И теперь ей представлялось, что ее «запойное» чтение было бегством от действительности, настоящим бегством от ж и в о й жизни!
И ее «герои-диссиденты», по крайней мере многие из них, оказались впоследствии не совсем героями.
Нет, конечно, и Богораз, и академик Сахаров, и Анатолий Марченко, и те, кто стоял августовским днем шестьдесят восьмого на Красной площади, и некоторые другие действительно были и остались героями.

А почему она осталась бездетной? Поверила, как идиотка, Надежде Яковлевне Мандельштам, которая в своих «Воспоминаниях» писала, что «в этой стране нельзя иметь детей». А дети ведь и в войну, и в гражданскую даже, рождались. Своим умом жить надо было, а не чьим-то, пусть даже самых смелых, талантливых, а, может, и гениальных людей...
Она вспоминала, как убежденно ответила матери этими Мандельштамовскими словами, на ее пожелание, чтоб дочь ребеночка родила.
— Ох, Мариночка! Как же ты обманываешься! Это ж извечное женское предназначение. А глупость эту написала женщина, наверняка, бесплодная. Чтоб себя оправдать. Несчастная она. Обычная женщина такой дури не сморозит!
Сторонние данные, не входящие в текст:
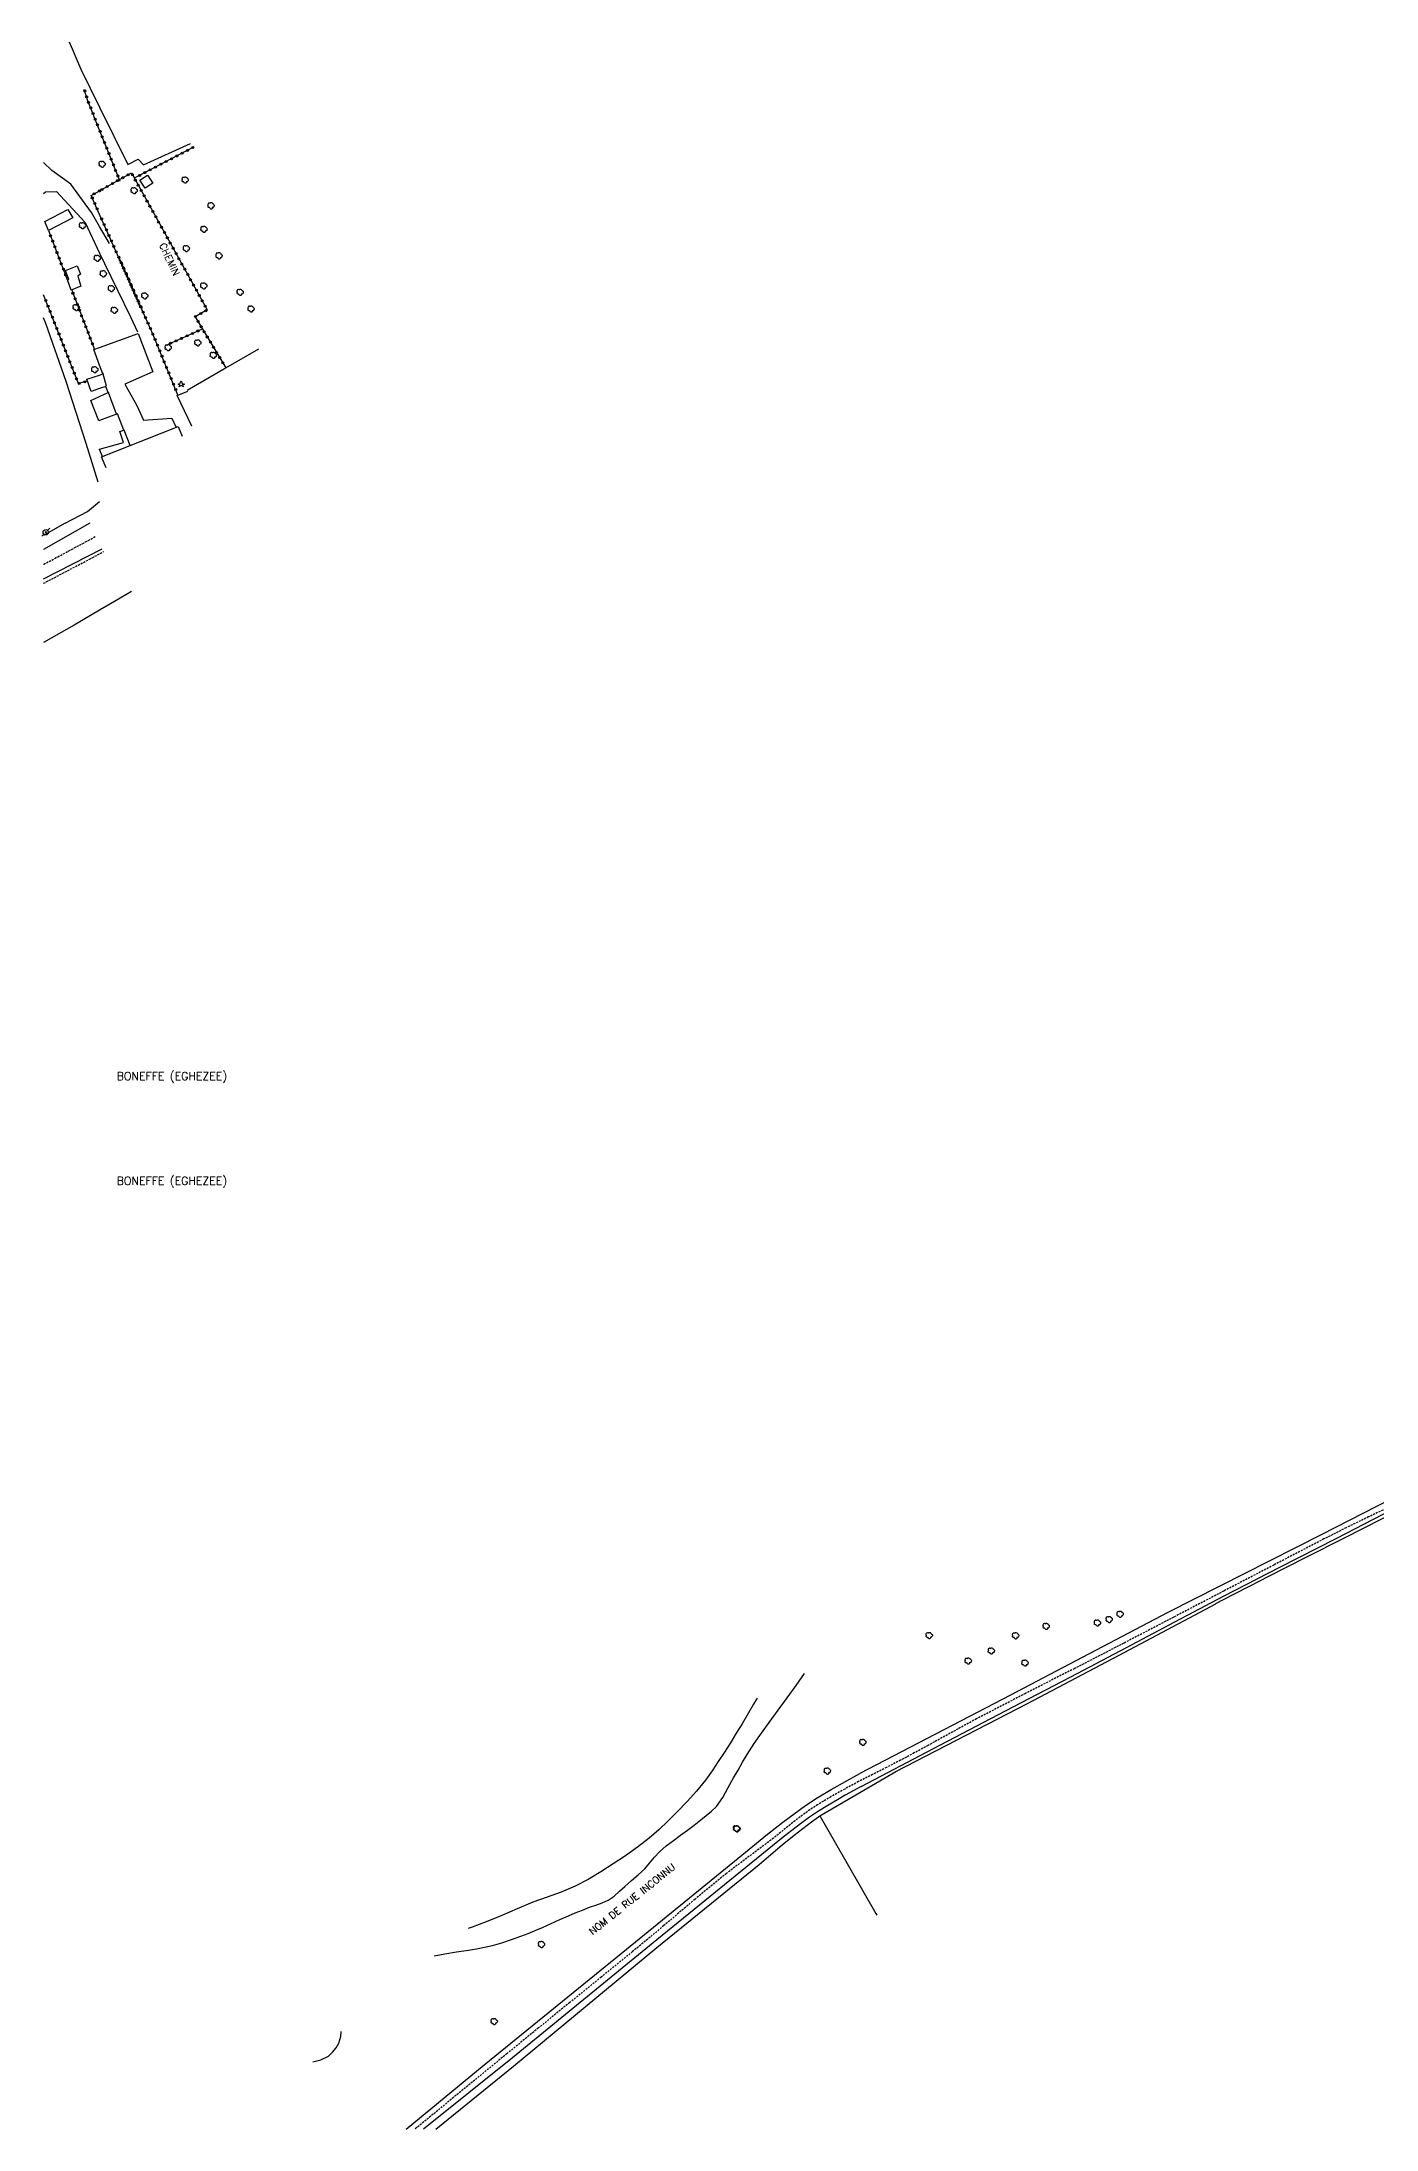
# Model space of a CAD drawing. Header units: millimetres. Extents: x 192000 to 193000, y 146000 to 147000.
# Drawn here: x 192000 to 192333, y 146000 to 146522 of the extents above; entities that cross this region are included whole.
import ezdxf
from ezdxf.enums import TextEntityAlignment as Align

# ---------------------------------------------------------------- set-up
doc = ezdxf.new("R2010")
doc.units = ezdxf.units.MM
doc.linetypes.add('DASHED', pattern=[0.75, 0.5, -0.25])
doc.layers.get('0').update_dxf_attribs({"linetype": 'CONTINUOUS'})
for name, color, linetype in [('W0001', 6, 'DASHED'), ('W0008', 7, 'CONTINUOUS'), ('W0071', 7, 'CONTINUOUS'), ('W0101', 7, 'CONTINUOUS'), ('W0104', 1, 'CONTINUOUS'), ('W0112', 1, 'DASHED'), ('W0211', 2, 'CONTINUOUS'), ('W0300', 7, 'CONTINUOUS'), ('W0303', 7, 'CONTINUOUS'), ('W0310', 3, 'CONTINUOUS'), ('W0323', 7, 'CONTINUOUS'), ('W0330', 7, 'CONTINUOUS'), ('W0473', 7, 'CONTINUOUS'), ('W0510', 5, 'CONTINUOUS'), ('W0980', 7, 'CONTINUOUS'), ('W0989', 7, 'CONTINUOUS'), ('W1102', 7, 'CONTINUOUS')]:
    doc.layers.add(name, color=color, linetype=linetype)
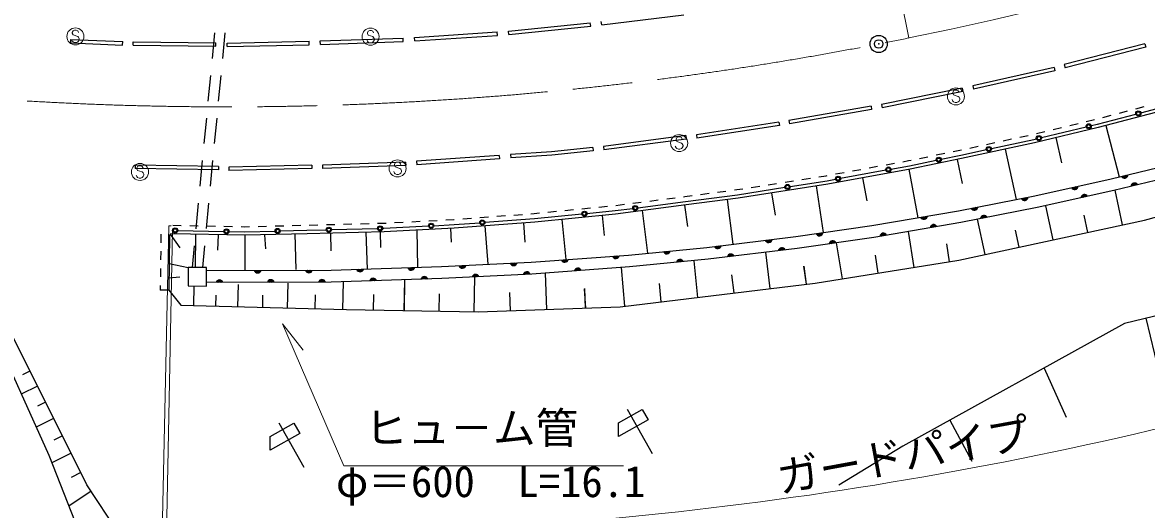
# Model space of a CAD drawing. Units: millimetres at full size, sheet at 1:1000; details may follow other scales. Extents: x 40000 to 680000, y 20000 to 380000.
# Drawn here: x 408888 to 474716, y 235367 to 263853 of the extents above; entities that cross this region are included whole.
import ezdxf
from ezdxf.enums import TextEntityAlignment as Align

# ---------------------------------------------------------------- set-up
doc = ezdxf.new("R2010")
doc.units = ezdxf.units.MM
doc.header["$LTSCALE"] = 1000
doc.header["$PDMODE"] = 32
doc.header["$PDSIZE"] = 500
doc.linetypes.add('CHAIN', pattern=[18.5, 12, -1.5, 3.5, -1.5])
for name, color, linetype, lineweight in [('M-BGD', 7, 'Continuous', 25), ('M-BGD-HTXT', 7, 'Continuous', 13), ('M-BMK', 2, 'CHAIN', 13), ('M-BMK-SRVR', 3, 'Continuous', 25), ('M-STR-HTXT', 7, 'Continuous', 13)]:
    doc.layers.add(name, color=color, linetype=linetype, lineweight=lineweight)
doc.styles.add('ＭＳ ゴシック', font='')
doc.styles.get('ＭＳ ゴシック').set_extended_font_data('MS Gothic')

msp = doc.modelspace()

# ---------------------------------------------------------------- linework, layer by layer
at = {"layer": 'M-BGD'}
for p, q in [((442813, 263710), (447628, 264310)), ((437342, 263346), (442144, 263843)), ((437363, 263147), (437342, 263346)), ((437363, 263147), (442164, 263644)), ((442164, 263644), (442144, 263843)), ((442813, 263710), (442788, 263909)), ((411715, 262657), (411723, 262857)), ((411715, 262657), (414748, 262534)), ((411723, 262857), (414756, 262734)), ((414748, 262534), (414756, 262734)), ((415369, 262523), (415372, 262723)), ((415372, 262723), (420216, 262661)), ((420132, 263240), (419990, 261746)), ((420213, 262461), (420216, 262661)), ((420735, 263242), (420593, 261749)), ((420870, 262648), (425679, 262753)), ((425684, 262553), (425679, 262753)), ((426326, 262774), (431184, 262938)), ((426333, 262574), (426326, 262774)), ((426333, 262574), (431191, 262738)), ((431191, 262738), (431184, 262938)), ((431846, 262980), (436690, 263301)), ((431859, 262780), (431846, 262980)), ((431859, 262780), (436704, 263102)), ((436704, 263102), (436690, 263301)), ((415369, 262523), (420213, 262461)), ((420874, 262448), (420870, 262648)), ((420874, 262448), (425684, 262553)), ((474626, 262598), (469897, 261389)), ((474676, 262404), (469947, 261195)), ((474626, 262598), (474676, 262404)), ((469897, 261389), (469947, 261195)), ((419895, 260751), (419753, 259258)), ((420498, 260754), (420356, 259261)), ((469303, 261225), (464549, 260147)), ((469347, 261030), (464593, 259952)), ((469303, 261225), (469347, 261030)), ((464549, 260147), (464593, 259952)), ((463913, 260010), (459194, 259065)), ((463952, 259814), (459233, 258869)), ((463913, 260010), (463952, 259814)), ((458584, 258952), (453776, 258119)), ((458618, 258755), (453810, 257922)), ((458584, 258952), (458618, 258755)), ((459194, 259065), (459233, 258869)), ((474096, 258805), (474580, 258931)), ((474382, 258570), (475630, 258896)), ((419658, 258262), (419516, 256769)), ((420261, 258265), (420119, 256772)), ((453776, 258119), (453810, 257922)), ((471190, 258060), (471677, 258176)), ((471840, 257906), (474092, 258494)), ((472161, 258300), (472645, 258426)), ((473128, 258553), (473612, 258679)), ((453183, 258030), (448359, 257290)), ((453213, 257832), (448390, 257093)), ((453183, 258030), (453213, 257832)), ((468272, 257364), (468758, 257480)), ((468559, 257124), (471186, 257750)), ((469245, 257596), (469731, 257712)), ((470217, 257828), (470704, 257944)), ((471478, 257820), (471840, 257906)), ((472333, 257828), (473118, 254822)), ((447740, 257236), (442909, 256607)), ((447766, 257038), (442935, 256409)), ((447740, 257236), (447766, 257038)), ((448359, 257290), (448390, 257093)), ((465341, 256723), (465830, 256829)), ((465630, 256479), (468109, 257016)), ((466319, 256935), (466807, 257041)), ((467296, 257147), (467784, 257253)), ((468109, 257016), (468268, 257054)), ((469396, 257118), (469746, 255648)), ((436811, 256073), (431969, 255734)), ((436811, 256073), (436825, 255874)), ((437470, 256129), (437483, 255929)), ((442281, 256551), (442303, 256352)), ((442909, 256607), (442935, 256409)), ((462406, 256105), (462896, 256204)), ((462695, 255857), (463845, 256091)), ((463386, 256304), (463783, 256385)), ((463783, 256385), (463875, 256405)), ((463845, 256091), (465337, 256415)), ((464364, 256511), (464853, 256617)), ((466448, 256451), (467089, 253498)), ((415483, 255505), (415479, 255305)), ((420367, 255426), (415483, 255505)), ((419421, 255773), (419279, 254280)), ((420024, 255776), (419882, 254283)), ((420367, 255426), (420363, 255226)), ((425832, 255505), (420967, 255387)), ((425832, 255505), (425837, 255305)), ((431329, 255686), (426456, 255514)), ((426456, 255514), (426463, 255315)), ((431336, 255486), (426463, 255315)), ((431329, 255686), (431336, 255486)), ((431969, 255734), (431983, 255535)), ((436825, 255874), (431983, 255535)), ((458477, 255353), (458969, 255443)), ((459461, 255532), (459953, 255622)), ((459751, 255280), (460828, 255477)), ((460445, 255712), (460771, 255772)), ((460771, 255772), (460936, 255805)), ((460828, 255477), (462401, 255797)), ((461426, 255905), (461916, 256005)), ((463629, 255843), (463917, 254430)), ((420363, 255226), (415479, 255305)), ((420967, 255387), (420972, 255187)), ((425837, 255305), (420972, 255187)), ((455524, 254825), (455961, 254893)), ((455961, 254893), (456018, 254903)), ((456510, 254993), (457002, 255083)), ((456800, 254741), (459456, 255227)), ((457494, 255173), (457985, 255263)), ((458084, 254772), (458332, 253413)), ((460803, 255269), (461321, 252433)), ((450727, 254076), (451078, 254131)), ((450770, 253779), (453543, 254212)), ((451572, 254208), (452066, 254285)), ((452560, 254362), (453054, 254439)), ((453548, 254516), (454042, 254593)), ((453839, 254258), (456011, 254597)), ((454536, 254670), (455030, 254748)), ((455362, 254293), (455788, 251562)), ((456011, 254597), (456505, 254687)), ((445626, 253410), (446122, 253473)), ((446617, 253537), (447113, 253601)), ((447609, 253665), (447688, 253675)), ((447688, 253675), (448105, 253730)), ((447726, 253377), (450770, 253779)), ((448601, 253795), (449096, 253861)), ((449592, 253926), (450088, 253992)), ((450152, 253496), (450497, 250883)), ((450584, 254057), (450727, 254076)), ((452758, 253887), (452961, 252585)), ((473310, 252014), (472872, 254043)), ((419184, 253285), (419042, 251791)), ((419787, 253288), (419645, 251794)), ((439661, 252760), (440159, 252809)), ((440657, 252858), (441154, 252907)), ((441652, 252956), (442149, 253005)), ((441945, 252684), (443599, 252847)), ((442647, 253054), (443145, 253103)), ((443599, 252847), (444628, 252979)), ((443642, 253155), (444138, 253218)), ((444634, 253282), (445130, 253346)), ((444926, 253017), (447726, 253377)), ((445180, 252848), (445500, 250362)), ((447667, 253168), (447826, 251925)), ((469253, 251139), (468822, 253136)), ((430042, 252116), (430184, 252123)), ((430683, 252149), (431182, 252175)), ((431682, 252202), (432181, 252228)), ((432680, 252254), (433180, 252280)), ((433679, 252306), (434143, 252331)), ((434143, 252331), (434178, 252333)), ((434162, 252031), (435668, 252143)), ((434677, 252370), (435176, 252407)), ((435674, 252444), (436173, 252482)), ((435968, 252165), (438884, 252382)), ((436671, 252519), (437170, 252556)), ((437669, 252593), (438167, 252630)), ((438224, 252133), (438308, 251004)), ((438666, 252667), (438858, 252681)), ((438858, 252681), (439164, 252711)), ((438884, 252382), (441646, 252654)), ((440477, 252338), (440709, 249984)), ((442831, 252570), (442947, 251393)), ((465259, 250277), (464813, 252343)), ((471282, 251577), (471063, 252591)), ((417000, 251469), (416993, 250969)), ((417460, 251965), (417599, 251987)), ((417539, 251471), (418098, 250675)), ((417687, 251993), (418187, 251984)), ((417982, 251687), (420681, 251634)), ((418687, 251974), (419187, 251964)), ((419017, 251467), (418995, 249520)), ((419687, 251954), (420187, 251944)), ((420687, 251934), (421187, 251925)), ((420981, 251629), (421919, 251610)), ((421687, 251915), (421919, 251910)), ((421919, 251910), (422187, 251917)), ((421919, 251610), (423680, 251653)), ((422686, 251929), (423186, 251941)), ((423686, 251953), (424186, 251966)), ((423980, 251661), (425551, 251699)), ((424686, 251978), (425186, 251990)), ((424847, 251482), (424890, 249409)), ((425551, 251699), (426679, 251728)), ((425686, 252003), (426185, 252016)), ((426685, 252029), (427185, 252041)), ((426919, 251534), (426950, 250498)), ((426979, 251736), (429678, 251806)), ((427685, 252054), (428185, 252067)), ((428685, 252080), (429184, 252093)), ((428992, 251588), (429069, 249433)), ((429684, 252106), (430042, 252116)), ((429845, 251610), (429860, 250698)), ((429978, 251814), (430053, 251816)), ((430053, 251816), (432675, 251953)), ((431979, 251716), (432025, 249528)), ((432974, 251969), (434162, 252031)), ((433951, 251820), (433986, 251010)), ((435967, 251965), (436135, 249708)), ((461101, 249529), (460768, 251628)), ((467256, 250708), (467041, 251707)), ((417500, 251462), (417456, 248191)), ((420353, 251441), (420309, 250545)), ((421920, 251410), (421916, 249348)), ((423057, 251438), (423121, 250605)), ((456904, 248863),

«Эх, что ж я со своей жизнью понаделала», — говорила себе Марина, глядя из окна кухни на вовсе не московский дворик, где возились в песочнице детишки гастарбайтеров. И истерически закричала:
— Значит, все мои упования, все надежды, все-все, пошло «коту под хвост»?! Ведь, казалось, что вырвавшись из-под коммуняк мы заживем сво-о-о-бодно!
Как вообще могли надеяться?! Человек слаб, а ему и опереться не на кого! Большинство в Бога не верует. И не добр человек, как уверял Руссо. Мы ж Писаний не читали, не знали, что «человек зол от юности своей». Человеку меняться надо! Но и «Человек всего лишь человек». Оттого и олигархи, и бандиты, и коммуняки...
Тут она отвлеклась: все же неплохой неологизм — «скомуниздили»!
Но «филологические» рассуждения тут же прервались боляще-разящей мыслью: «Верно, и вправду, если что всегда было, есть и будет — так это царство несправедливости».


В рассказе приведены стихотворения и фрагменты из стихотворений: Н. Коржавина,
А. Пушкина, М. Лермонтова, М. Буонаротти в пер. Ф. Тютчева, Л. Друскина.